**WORK REQUEST:** Below are the entries. Transcribe exactly the lines from the one with "#139=FACE_BOUND('',#138,.T.);" through the one with "#195=VECTOR('',#194,1.);", ends included, and leave out all others.

(Data excerpts)
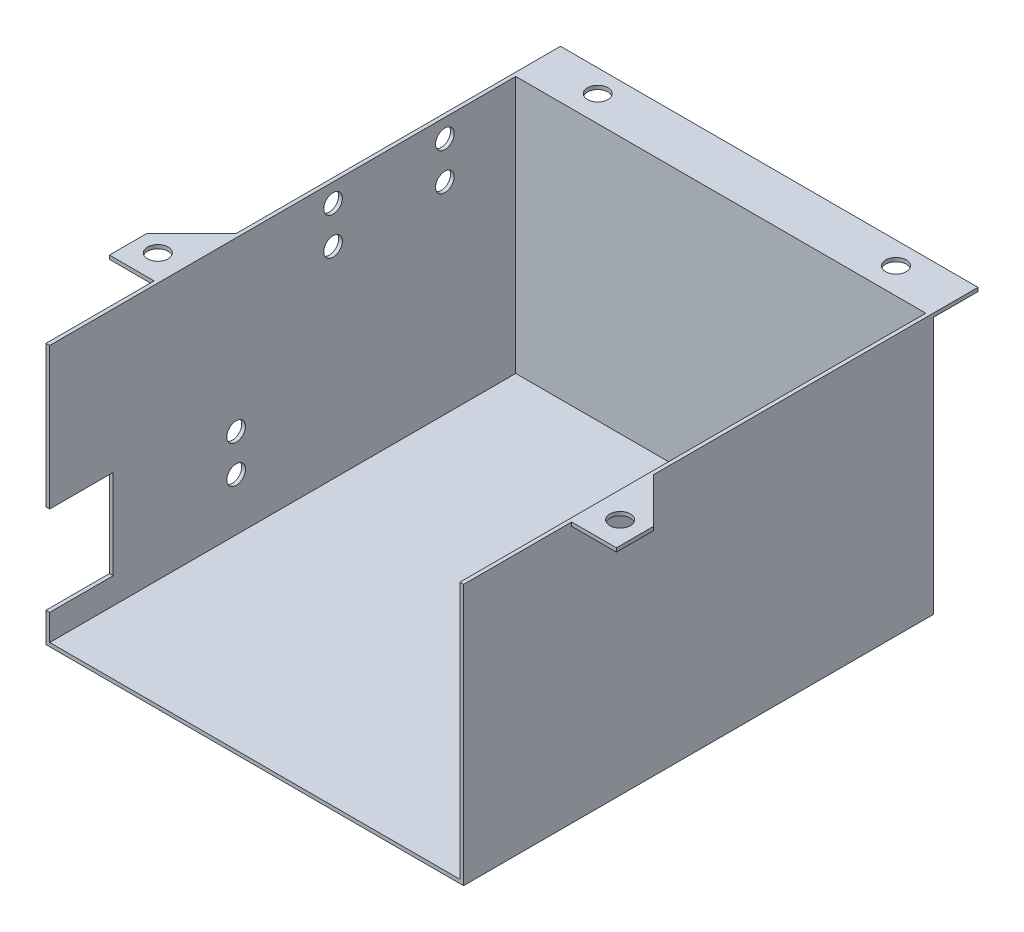
ISO-10303-21;
HEADER;
FILE_DESCRIPTION(('STEP AP214'),'2;1');
FILE_NAME('part.step','',(''),(''),'','','');
FILE_SCHEMA(('AUTOMOTIVE_DESIGN { 1 0 10303 214 1 1 1 1 }'));
ENDSEC;
DATA;
#1=APPLICATION_CONTEXT('core data for automotive mechanical design processes');
#2=APPLICATION_PROTOCOL_DEFINITION('international standard','automotive_design',2000,#1);
#3=PRODUCT_CONTEXT('',#1,'mechanical');
#4=PRODUCT('Part','Part','',(#3));
#5=PRODUCT_RELATED_PRODUCT_CATEGORY('part','',(#4));
#6=PRODUCT_DEFINITION_FORMATION('','',#4);
#7=PRODUCT_DEFINITION_CONTEXT('part definition',#1,'design');
#8=PRODUCT_DEFINITION('design','',#6,#7);
#9=PRODUCT_DEFINITION_SHAPE('','',#8);
#10=(LENGTH_UNIT() NAMED_UNIT(*) SI_UNIT(.MILLI.,.METRE.));
#11=(NAMED_UNIT(*) PLANE_ANGLE_UNIT() SI_UNIT($,.RADIAN.));
#12=(NAMED_UNIT(*) SI_UNIT($,.STERADIAN.) SOLID_ANGLE_UNIT());
#13=UNCERTAINTY_MEASURE_WITH_UNIT(LENGTH_MEASURE(1.E-05),#10,'distance_accuracy_value','');
#14=(GEOMETRIC_REPRESENTATION_CONTEXT(3) GLOBAL_UNCERTAINTY_ASSIGNED_CONTEXT((#13)) GLOBAL_UNIT_ASSIGNED_CONTEXT((#10,
#11,#12)) REPRESENTATION_CONTEXT('',''));
#15=CARTESIAN_POINT('',(0.,0.,0.));
#16=DIRECTION('',(0.,0.,1.));
#17=DIRECTION('',(1.,0.,0.));
#18=AXIS2_PLACEMENT_3D('',#15,#16,#17);
#19=CARTESIAN_POINT('',(0.,70.,126.));
#20=DIRECTION('',(0.,0.,-1.));
#21=DIRECTION('',(-1.,0.,0.));
#22=AXIS2_PLACEMENT_3D('',#19,#20,#21);
#23=PLANE('',#22);
#24=DIRECTION('',(0.,-1.,0.));
#25=VECTOR('',#24,1.);
#26=CARTESIAN_POINT('',(1.,70.,126.));
#27=LINE('',#26,#25);
#28=CARTESIAN_POINT('',(0.999999999999987,8.,126.));
#29=VERTEX_POINT('',#28);
#30=CARTESIAN_POINT('',(0.999999999999992,1.,126.));
#31=VERTEX_POINT('',#30);
#32=EDGE_CURVE('E263',#29,#31,#27,.T.);
#33=ORIENTED_EDGE('',*,*,#32,.F.);
#34=DIRECTION('',(-1.,0.,0.));
#35=VECTOR('',#34,1.);
#36=CARTESIAN_POINT('',(124.001025,8.,126.));
#37=LINE('',#36,#35);
#38=CARTESIAN_POINT('',(0.,8.,126.));
#39=VERTEX_POINT('',#38);
#40=EDGE_CURVE('E245',#29,#39,#37,.T.);
#41=ORIENTED_EDGE('',*,*,#40,.T.);
#42=DIRECTION('',(0.,-1.,0.));
#43=VECTOR('',#42,1.);
#44=CARTESIAN_POINT('',(0.,0.,126.));
#45=LINE('',#44,#43);
#46=CARTESIAN_POINT('',(0.,0.,126.));
#47=VERTEX_POINT('',#46);
#48=EDGE_CURVE('E322',#39,#47,#45,.T.);
#49=ORIENTED_EDGE('',*,*,#48,.T.);
#50=DIRECTION('',(1.,0.,0.));
#51=VECTOR('',#50,1.);
#52=CARTESIAN_POINT('',(0.,0.,126.));
#53=LINE('',#52,#51);
#54=CARTESIAN_POINT('',(112.,0.,126.));
#55=VERTEX_POINT('',#54);
#56=EDGE_CURVE('E330',#47,#55,#53,.T.);
#57=ORIENTED_EDGE('',*,*,#56,.T.);
#58=DIRECTION('',(0.,1.,0.));
#59=VECTOR('',#58,1.);
#60=CARTESIAN_POINT('',(112.,0.,126.));
#61=LINE('',#60,#59);
#62=CARTESIAN_POINT('',(112.,70.,126.));
#63=VERTEX_POINT('',#62);
#64=EDGE_CURVE('E333',#55,#63,#61,.T.);
#65=ORIENTED_EDGE('',*,*,#64,.T.);
#66=DIRECTION('',(-1.,0.,0.));
#67=VECTOR('',#66,1.);
#68=CARTESIAN_POINT('',(0.,70.,126.));
#69=LINE('',#68,#67);
#70=CARTESIAN_POINT('',(111.,70.,126.));
#71=VERTEX_POINT('',#70);
#72=EDGE_CURVE('E337',#63,#71,#69,.T.);
#73=ORIENTED_EDGE('',*,*,#72,.T.);
#74=DIRECTION('',(0.,1.,0.));
#75=VECTOR('',#74,1.);
#76=CARTESIAN_POINT('',(111.,70.,126.));
#77=LINE('',#76,#75);
#78=CARTESIAN_POINT('',(111.,1.,126.));
#79=VERTEX_POINT('',#78);
#80=EDGE_CURVE('E269',#79,#71,#77,.T.);
#81=ORIENTED_EDGE('',*,*,#80,.F.);
#82=DIRECTION('',(1.,0.,0.));
#83=VECTOR('',#82,1.);
#84=CARTESIAN_POINT('',(0.999999999999992,1.,126.));
#85=LINE('',#84,#83);
#86=EDGE_CURVE('E262',#31,#79,#85,.T.);
#87=ORIENTED_EDGE('',*,*,#86,.F.);
#88=EDGE_LOOP('',(#33,#41,#49,#57,#65,#73,#81,#87));
#89=FACE_BOUND('',#88,.T.);
#90=ADVANCED_FACE('F40',(#89),#23,.F.);
#91=CARTESIAN_POINT('',(0.,70.,126.));
#92=DIRECTION('',(0.,-1.,0.));
#93=DIRECTION('',(0.,0.,-1.));
#94=AXIS2_PLACEMENT_3D('',#91,#92,#93);
#95=PLANE('',#94);
#96=CARTESIAN_POINT('',(96.,70.,-6.));
#97=DIRECTION('',(0.,-1.,0.));
#98=DIRECTION('',(0.,0.,-1.));
#99=AXIS2_PLACEMENT_3D('',#96,#97,#98);
#100=CIRCLE('',#99,2.75000000000001);
#101=CARTESIAN_POINT('',(96.,70.,-8.75000000000001));
#102=VERTEX_POINT('',#101);
#103=EDGE_CURVE('E586',#102,#102,#100,.T.);
#104=ORIENTED_EDGE('',*,*,#103,.T.);
#105=EDGE_LOOP('',(#104));
#106=FACE_BOUND('',#105,.T.);
#107=CARTESIAN_POINT('',(16.,70.,-6.));
#108=DIRECTION('',(0.,-1.,0.));
#109=DIRECTION('',(0.,0.,-1.));
#110=AXIS2_PLACEMENT_3D('',#107,#108,#109);
#111=CIRCLE('',#110,2.75);
#112=CARTESIAN_POINT('',(16.,70.,-8.75));
#113=VERTEX_POINT('',#112);
#114=EDGE_CURVE('E476',#113,#113,#111,.T.);
#115=ORIENTED_EDGE('',*,*,#114,.T.);
#116=EDGE_LOOP('',(#115));
#117=FACE_BOUND('',#116,.T.);
#118=CARTESIAN_POINT('',(118.,70.,90.));
#119=DIRECTION('',(0.,-1.,0.));
#120=DIRECTION('',(0.,0.,-1.));
#121=AXIS2_PLACEMENT_3D('',#118,#119,#120);
#122=CIRCLE('',#121,2.75000000000001);
#123=CARTESIAN_POINT('',(118.,70.,87.25));
#124=VERTEX_POINT('',#123);
#125=EDGE_CURVE('E543',#124,#124,#122,.T.);
#126=ORIENTED_EDGE('',*,*,#125,.T.);
#127=EDGE_LOOP('',(#126));
#128=FACE_BOUND('',#127,.T.);
#129=CARTESIAN_POINT('',(-6.,70.,90.));
#130=DIRECTION('',(0.,-1.,0.));
#131=DIRECTION('',(0.,0.,-1.));
#132=AXIS2_PLACEMENT_3D('',#129,#130,#131);
#133=CIRCLE('',#132,2.75000000000001);
#134=CARTESIAN_POINT('',(-6.,70.,87.25));
#135=VERTEX_POINT('',#134);
#136=EDGE_CURVE('E535',#135,#135,#133,.T.);
#137=ORIENTED_EDGE('',*,*,#136,.T.);
#138=EDGE_LOOP('',(#137));
#139=FACE_BOUND('',#138,.T.);
#140=DIRECTION('',(-0.707106781186552,0.,0.707106781186544));
#141=VECTOR('',#140,1.);
#142=CARTESIAN_POINT('',(0.,70.,75.));
#143=LINE('',#142,#141);
#144=CARTESIAN_POINT('',(0.,70.,75.));
#145=VERTEX_POINT('',#144);
#146=CARTESIAN_POINT('',(-12.,70.,86.9999999999999));
#147=VERTEX_POINT('',#146);
#148=EDGE_CURVE('E538',#145,#147,#143,.T.);
#149=ORIENTED_EDGE('',*,*,#148,.T.);
#150=DIRECTION('',(0.,0.,1.));
#151=VECTOR('',#150,1.);
#152=CARTESIAN_POINT('',(-12.,70.,97.));
#153=LINE('',#152,#151);
#154=CARTESIAN_POINT('',(-12.,70.,97.));
#155=VERTEX_POINT('',#154);
#156=EDGE_CURVE('E547',#147,#155,#153,.T.);
#157=ORIENTED_EDGE('',*,*,#156,.T.);
#158=DIRECTION('',(1.,0.,0.));
#159=VECTOR('',#158,1.);
#160=CARTESIAN_POINT('',(-12.,70.,97.));
#161=LINE('',#160,#159);
#162=CARTESIAN_POINT('',(0.,70.,97.));
#163=VERTEX_POINT('',#162);
#164=EDGE_CURVE('E360',#155,#163,#161,.T.);
#165=ORIENTED_EDGE('',*,*,#164,.T.);
#166=DIRECTION('',(0.,0.,-1.));
#167=VECTOR('',#166,1.);
#168=CARTESIAN_POINT('',(0.,70.,126.));
#169=LINE('',#168,#167);
#170=CARTESIAN_POINT('',(0.,70.,126.));
#171=VERTEX_POINT('',#170);
#172=EDGE_CURVE('E349',#171,#163,#169,.T.);
#173=ORIENTED_EDGE('',*,*,#172,.F.);
#174=CARTESIAN_POINT('',(1.,70.,126.));
#175=VERTEX_POINT('',#174);
#176=EDGE_CURVE('E336',#175,#171,#69,.T.);
#177=ORIENTED_EDGE('',*,*,#176,.F.);
#178=DIRECTION('',(0.,0.,1.));
#179=VECTOR('',#178,1.);
#180=CARTESIAN_POINT('',(1.,70.,1.));
#181=LINE('',#180,#179);
#182=CARTESIAN_POINT('',(1.,70.,1.));
#183=VERTEX_POINT('',#182);
#184=EDGE_CURVE('E260',#183,#175,#181,.T.);
#185=ORIENTED_EDGE('',*,*,#184,.F.);
#186=DIRECTION('',(-1.,0.,0.));
#187=VECTOR('',#186,1.);
#188=CARTESIAN_POINT('',(1.,70.,1.));
#189=LINE('',#188,#187);
#190=CARTESIAN_POINT('',(111.,70.,1.));
#191=VERTEX_POINT('',#190);
#192=EDGE_CURVE('E291',#191,#183,#189,.T.);
#193=ORIENTED_EDGE('',*,*,#192,.F.);
#194=DIRECTION('',(0.,0.,1.));
#195=VECTOR('',#194,1.);
#196=CARTESIAN_POINT('',(111.,70.,1.));
#197=LINE('',#196,#195);
#198=EDGE_CURVE('E298',#191,#71,#197,.T.);
#199=ORIENTED_EDGE('',*,*,#198,.T.);
#200=ORIENTED_EDGE('',*,*,#72,.F.);
#201=DIRECTION('',(0.,0.,-1.));
#202=VECTOR('',#201,1.);
#203=CARTESIAN_POINT('',(112.,70.,126.));
#204=LINE('',#203,#202);
#205=CARTESIAN_POINT('',(112.,70.,97.));
#206=VERTEX_POINT('',#205);
#207=EDGE_CURVE('E421',#63,#206,#204,.T.);
#208=ORIENTED_EDGE('',*,*,#207,.T.);
#209=DIRECTION('',(-1.,0.,0.));
#210=VECTOR('',#209,1.);
#211=CARTESIAN_POINT('',(124.,70.,97.));
#212=LINE('',#211,#210);
#213=CARTESIAN_POINT('',(124.,70.,97.));
#214=VERTEX_POINT('',#213);
#215=EDGE_CURVE('E385',#214,#206,#212,.T.);
#216=ORIENTED_EDGE('',*,*,#215,.F.);
#217=DIRECTION('',(0.,0.,1.));
#218=VECTOR('',#217,1.);
#219=CARTESIAN_POINT('',(124.,70.,97.));
#220=LINE('',#219,#218);
#221=CARTESIAN_POINT('',(124.,70.,86.9999999999999));
#222=VERTEX_POINT('',#221);
#223=EDGE_CURVE('E382',#222,#214,#220,.T.);
#224=ORIENTED_EDGE('',*,*,#223,.F.);
#225=DIRECTION('',(0.707106781186552,0.,0.707106781186544));
#226=VECTOR('',#225,1.);
#227=CARTESIAN_POINT('',(112.,70.,75.));
#228=LINE('',#227,#226);
#229=CARTESIAN_POINT('',(112.,70.,75.));
#230=VERTEX_POINT('',#229);
#231=EDGE_CURVE('E356',#230,#222,#228,.T.);
#232=ORIENTED_EDGE('',*,*,#231,.F.);
#233=CARTESIAN_POINT('',(112.,70.,-12.));
#234=VERTEX_POINT('',#233);
#235=EDGE_CURVE('E353',#230,#234,#204,.T.);
#236=ORIENTED_EDGE('',*,*,#235,.T.);
#237=DIRECTION('',(1.,0.,0.));
#238=VECTOR('',#237,1.);
#239=CARTESIAN_POINT('',(112.,70.,-12.));
#240=LINE('',#239,#238);
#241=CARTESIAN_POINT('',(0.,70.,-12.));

**EXPECTED ANSWER:**
#139=FACE_BOUND('',#138,.T.);
#140=DIRECTION('',(-0.707106781186552,0.,0.707106781186544));
#141=VECTOR('',#140,1.);
#142=CARTESIAN_POINT('',(0.,70.,75.));
#143=LINE('',#142,#141);
#144=CARTESIAN_POINT('',(0.,70.,75.));
#145=VERTEX_POINT('',#144);
#146=CARTESIAN_POINT('',(-12.,70.,86.9999999999999));
#147=VERTEX_POINT('',#146);
#148=EDGE_CURVE('E538',#145,#147,#143,.T.);
#149=ORIENTED_EDGE('',*,*,#148,.T.);
#150=DIRECTION('',(0.,0.,1.));
#151=VECTOR('',#150,1.);
#152=CARTESIAN_POINT('',(-12.,70.,97.));
#153=LINE('',#152,#151);
#154=CARTESIAN_POINT('',(-12.,70.,97.));
#155=VERTEX_POINT('',#154);
#156=EDGE_CURVE('E547',#147,#155,#153,.T.);
#157=ORIENTED_EDGE('',*,*,#156,.T.);
#158=DIRECTION('',(1.,0.,0.));
#159=VECTOR('',#158,1.);
#160=CARTESIAN_POINT('',(-12.,70.,97.));
#161=LINE('',#160,#159);
#162=CARTESIAN_POINT('',(0.,70.,97.));
#163=VERTEX_POINT('',#162);
#164=EDGE_CURVE('E360',#155,#163,#161,.T.);
#165=ORIENTED_EDGE('',*,*,#164,.T.);
#166=DIRECTION('',(0.,0.,-1.));
#167=VECTOR('',#166,1.);
#168=CARTESIAN_POINT('',(0.,70.,126.));
#169=LINE('',#168,#167);
#170=CARTESIAN_POINT('',(0.,70.,126.));
#171=VERTEX_POINT('',#170);
#172=EDGE_CURVE('E349',#171,#163,#169,.T.);
#173=ORIENTED_EDGE('',*,*,#172,.F.);
#174=CARTESIAN_POINT('',(1.,70.,126.));
#175=VERTEX_POINT('',#174);
#176=EDGE_CURVE('E336',#175,#171,#69,.T.);
#177=ORIENTED_EDGE('',*,*,#176,.F.);
#178=DIRECTION('',(0.,0.,1.));
#179=VECTOR('',#178,1.);
#180=CARTESIAN_POINT('',(1.,70.,1.));
#181=LINE('',#180,#179);
#182=CARTESIAN_POINT('',(1.,70.,1.));
#183=VERTEX_POINT('',#182);
#184=EDGE_CURVE('E260',#183,#175,#181,.T.);
#185=ORIENTED_EDGE('',*,*,#184,.F.);
#186=DIRECTION('',(-1.,0.,0.));
#187=VECTOR('',#186,1.);
#188=CARTESIAN_POINT('',(1.,70.,1.));
#189=LINE('',#188,#187);
#190=CARTESIAN_POINT('',(111.,70.,1.));
#191=VERTEX_POINT('',#190);
#192=EDGE_CURVE('E291',#191,#183,#189,.T.);
#193=ORIENTED_EDGE('',*,*,#192,.F.);
#194=DIRECTION('',(0.,0.,1.));
#195=VECTOR('',#194,1.);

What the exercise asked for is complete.